### Records shown ###

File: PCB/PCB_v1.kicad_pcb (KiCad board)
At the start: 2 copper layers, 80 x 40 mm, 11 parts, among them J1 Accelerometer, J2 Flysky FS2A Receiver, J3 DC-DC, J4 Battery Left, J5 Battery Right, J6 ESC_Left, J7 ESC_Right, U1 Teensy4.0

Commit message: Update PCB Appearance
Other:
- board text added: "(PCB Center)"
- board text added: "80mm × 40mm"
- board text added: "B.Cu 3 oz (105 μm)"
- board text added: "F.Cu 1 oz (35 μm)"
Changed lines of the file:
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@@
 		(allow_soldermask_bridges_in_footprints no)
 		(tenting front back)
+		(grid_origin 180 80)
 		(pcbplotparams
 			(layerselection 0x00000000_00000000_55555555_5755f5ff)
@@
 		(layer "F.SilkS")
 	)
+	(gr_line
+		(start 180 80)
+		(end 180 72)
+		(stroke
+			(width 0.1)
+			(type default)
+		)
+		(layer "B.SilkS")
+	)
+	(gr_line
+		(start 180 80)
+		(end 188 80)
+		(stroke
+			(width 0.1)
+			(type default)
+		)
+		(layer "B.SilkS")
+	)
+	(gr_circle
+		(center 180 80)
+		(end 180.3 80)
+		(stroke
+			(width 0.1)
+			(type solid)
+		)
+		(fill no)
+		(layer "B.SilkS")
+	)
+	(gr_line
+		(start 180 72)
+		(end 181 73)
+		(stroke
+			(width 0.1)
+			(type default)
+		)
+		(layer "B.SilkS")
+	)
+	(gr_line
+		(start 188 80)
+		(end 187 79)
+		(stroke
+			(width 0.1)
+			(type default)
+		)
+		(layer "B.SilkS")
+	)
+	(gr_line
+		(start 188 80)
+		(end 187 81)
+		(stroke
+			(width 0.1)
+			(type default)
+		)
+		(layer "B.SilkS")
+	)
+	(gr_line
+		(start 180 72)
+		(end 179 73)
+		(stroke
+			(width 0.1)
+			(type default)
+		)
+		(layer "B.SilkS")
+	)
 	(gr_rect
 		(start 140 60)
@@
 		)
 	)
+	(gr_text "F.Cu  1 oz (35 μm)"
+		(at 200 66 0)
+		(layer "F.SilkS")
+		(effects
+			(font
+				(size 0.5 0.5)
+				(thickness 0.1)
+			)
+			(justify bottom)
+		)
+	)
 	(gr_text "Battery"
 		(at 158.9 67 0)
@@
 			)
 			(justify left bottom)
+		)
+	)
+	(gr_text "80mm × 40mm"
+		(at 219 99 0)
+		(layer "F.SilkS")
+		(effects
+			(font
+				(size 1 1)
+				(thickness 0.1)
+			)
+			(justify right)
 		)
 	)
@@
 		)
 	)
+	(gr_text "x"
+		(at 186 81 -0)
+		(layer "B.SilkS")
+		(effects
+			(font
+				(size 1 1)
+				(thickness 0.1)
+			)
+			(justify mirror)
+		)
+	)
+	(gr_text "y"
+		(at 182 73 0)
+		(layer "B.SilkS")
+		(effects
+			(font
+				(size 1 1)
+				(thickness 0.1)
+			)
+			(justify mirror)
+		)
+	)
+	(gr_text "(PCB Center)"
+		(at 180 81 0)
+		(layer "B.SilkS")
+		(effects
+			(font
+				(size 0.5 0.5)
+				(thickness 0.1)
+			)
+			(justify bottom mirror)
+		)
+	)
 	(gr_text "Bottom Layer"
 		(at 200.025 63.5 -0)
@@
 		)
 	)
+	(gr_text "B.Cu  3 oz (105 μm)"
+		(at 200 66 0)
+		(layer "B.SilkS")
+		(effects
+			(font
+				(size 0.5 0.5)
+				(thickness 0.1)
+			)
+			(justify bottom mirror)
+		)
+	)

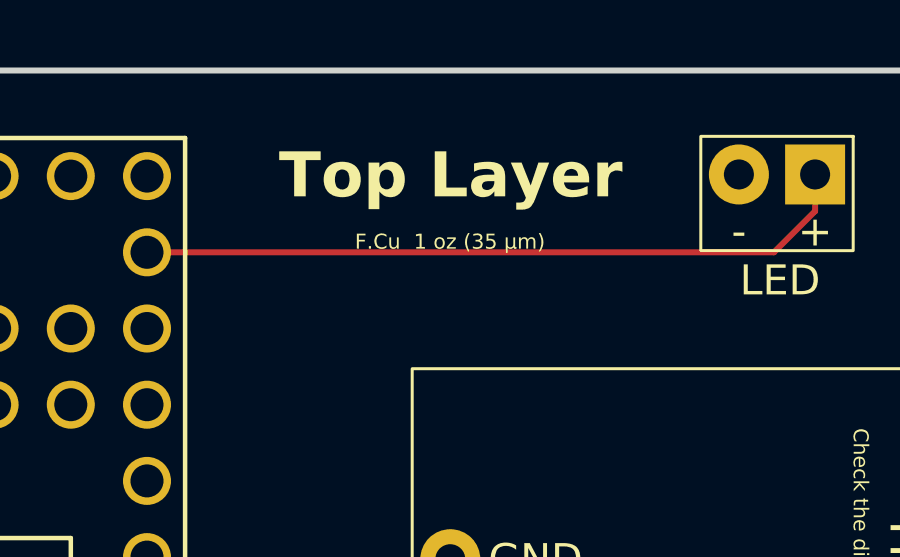
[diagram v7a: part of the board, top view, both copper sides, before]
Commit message: Change the Text on Silkscreen
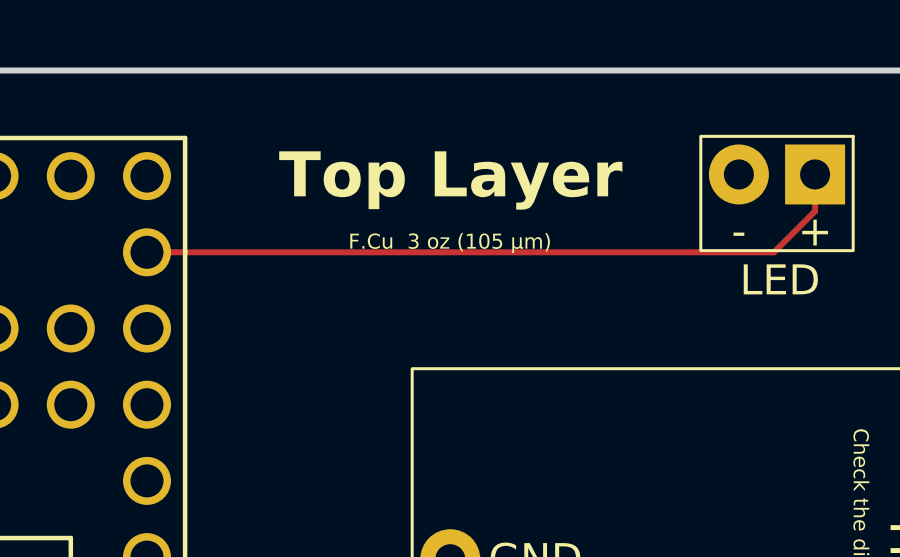
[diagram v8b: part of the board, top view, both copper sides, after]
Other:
- board text added: "B.Cu 1 oz (35 μm)"
- board text added: "F.Cu 3 oz (105 μm)"
- board text removed: "B.Cu 3 oz (105 μm)"
- board text removed: "F.Cu 1 oz (35 μm)"
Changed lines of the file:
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@@
 		)
 	)
-	(gr_text "F.Cu  1 oz (35 μm)"
+	(gr_text "F.Cu  3 oz (105 μm)"
 		(at 200 66 0)
 		(layer "F.SilkS")
@@
 		)
 	)
-	(gr_text "B.Cu  3 oz (105 μm)"
+	(gr_text "B.Cu  1 oz (35 μm)"
 		(at 200 66 0)
 		(layer "B.SilkS")

###

### What to work on
Write out the data once more exactly, omitting the pictures.

### Answer box
File: PCB/PCB_v1.kicad_pcb (KiCad board)
At the start: 2 copper layers, 80 x 40 mm, 11 parts, among them J1 Accelerometer, J2 Flysky FS2A Receiver, J3 DC-DC, J4 Battery Left, J5 Battery Right, J6 ESC_Left, J7 ESC_Right, U1 Teensy4.0

Commit message: Update PCB Appearance
Other:
- board text added: "(PCB Center)"
- board text added: "80mm × 40mm"
- board text added: "B.Cu 3 oz (105 μm)"
- board text added: "F.Cu 1 oz (35 μm)"
Changed lines of the file:
@@
 		(allow_soldermask_bridges_in_footprints no)
 		(tenting front back)
+		(grid_origin 180 80)
 		(pcbplotparams
 			(layerselection 0x00000000_00000000_55555555_5755f5ff)
@@
 		(layer "F.SilkS")
 	)
+	(gr_line
+		(start 180 80)
+		(end 180 72)
+		(stroke
+			(width 0.1)
+			(type default)
+		)
+		(layer "B.SilkS")
+	)
+	(gr_line
+		(start 180 80)
+		(end 188 80)
+		(stroke
+			(width 0.1)
+			(type default)
+		)
+		(layer "B.SilkS")
+	)
+	(gr_circle
+		(center 180 80)
+		(end 180.3 80)
+		(stroke
+			(width 0.1)
+			(type solid)
+		)
+		(fill no)
+		(layer "B.SilkS")
+	)
+	(gr_line
+		(start 180 72)
+		(end 181 73)
+		(stroke
+			(width 0.1)
+			(type default)
+		)
+		(layer "B.SilkS")
+	)
+	(gr_line
+		(start 188 80)
+		(end 187 79)
+		(stroke
+			(width 0.1)
+			(type default)
+		)
+		(layer "B.SilkS")
+	)
+	(gr_line
+		(start 188 80)
+		(end 187 81)
+		(stroke
+			(width 0.1)
+			(type default)
+		)
+		(layer "B.SilkS")
+	)
+	(gr_line
+		(start 180 72)
+		(end 179 73)
+		(stroke
+			(width 0.1)
+			(type default)
+		)
+		(layer "B.SilkS")
+	)
 	(gr_rect
 		(start 140 60)
@@
 		)
 	)
+	(gr_text "F.Cu  1 oz (35 μm)"
+		(at 200 66 0)
+		(layer "F.SilkS")
+		(effects
+			(font
+				(size 0.5 0.5)
+				(thickness 0.1)
+			)
+			(justify bottom)
+		)
+	)
 	(gr_text "Battery"
 		(at 158.9 67 0)
@@
 			)
 			(justify left bottom)
+		)
+	)
+	(gr_text "80mm × 40mm"
+		(at 219 99 0)
+		(layer "F.SilkS")
+		(effects
+			(font
+				(size 1 1)
+				(thickness 0.1)
+			)
+			(justify right)
 		)
 	)
@@
 		)
 	)
+	(gr_text "x"
+		(at 186 81 -0)
+		(layer "B.SilkS")
+		(effects
+			(font
+				(size 1 1)
+				(thickness 0.1)
+			)
+			(justify mirror)
+		)
+	)
+	(gr_text "y"
+		(at 182 73 0)
+		(layer "B.SilkS")
+		(effects
+			(font
+				(size 1 1)
+				(thickness 0.1)
+			)
+			(justify mirror)
+		)
+	)
+	(gr_text "(PCB Center)"
+		(at 180 81 0)
+		(layer "B.SilkS")
+		(effects
+			(font
+				(size 0.5 0.5)
+				(thickness 0.1)
+			)
+			(justify bottom mirror)
+		)
+	)
 	(gr_text "Bottom Layer"
 		(at 200.025 63.5 -0)
@@
 		)
 	)
+	(gr_text "B.Cu  3 oz (105 μm)"
+		(at 200 66 0)
+		(layer "B.SilkS")
+		(effects
+			(font
+				(size 0.5 0.5)
+				(thickness 0.1)
+			)
+			(justify bottom mirror)
+		)
+	)

[diagram v7a: part of the board, top view, both copper sides, before]
Commit message: Change the Text on Silkscreen
[diagram v8b: part of the board, top view, both copper sides, after]
Other:
- board text added: "B.Cu 1 oz (35 μm)"
- board text added: "F.Cu 3 oz (105 μm)"
- board text removed: "B.Cu 3 oz (105 μm)"
- board text removed: "F.Cu 1 oz (35 μm)"
Changed lines of the file:
@@
 		)
 	)
-	(gr_text "F.Cu  1 oz (35 μm)"
+	(gr_text "F.Cu  3 oz (105 μm)"
 		(at 200 66 0)
 		(layer "F.SilkS")
@@
 		)
 	)
-	(gr_text "B.Cu  3 oz (105 μm)"
+	(gr_text "B.Cu  1 oz (35 μm)"
 		(at 200 66 0)
 		(layer "B.SilkS")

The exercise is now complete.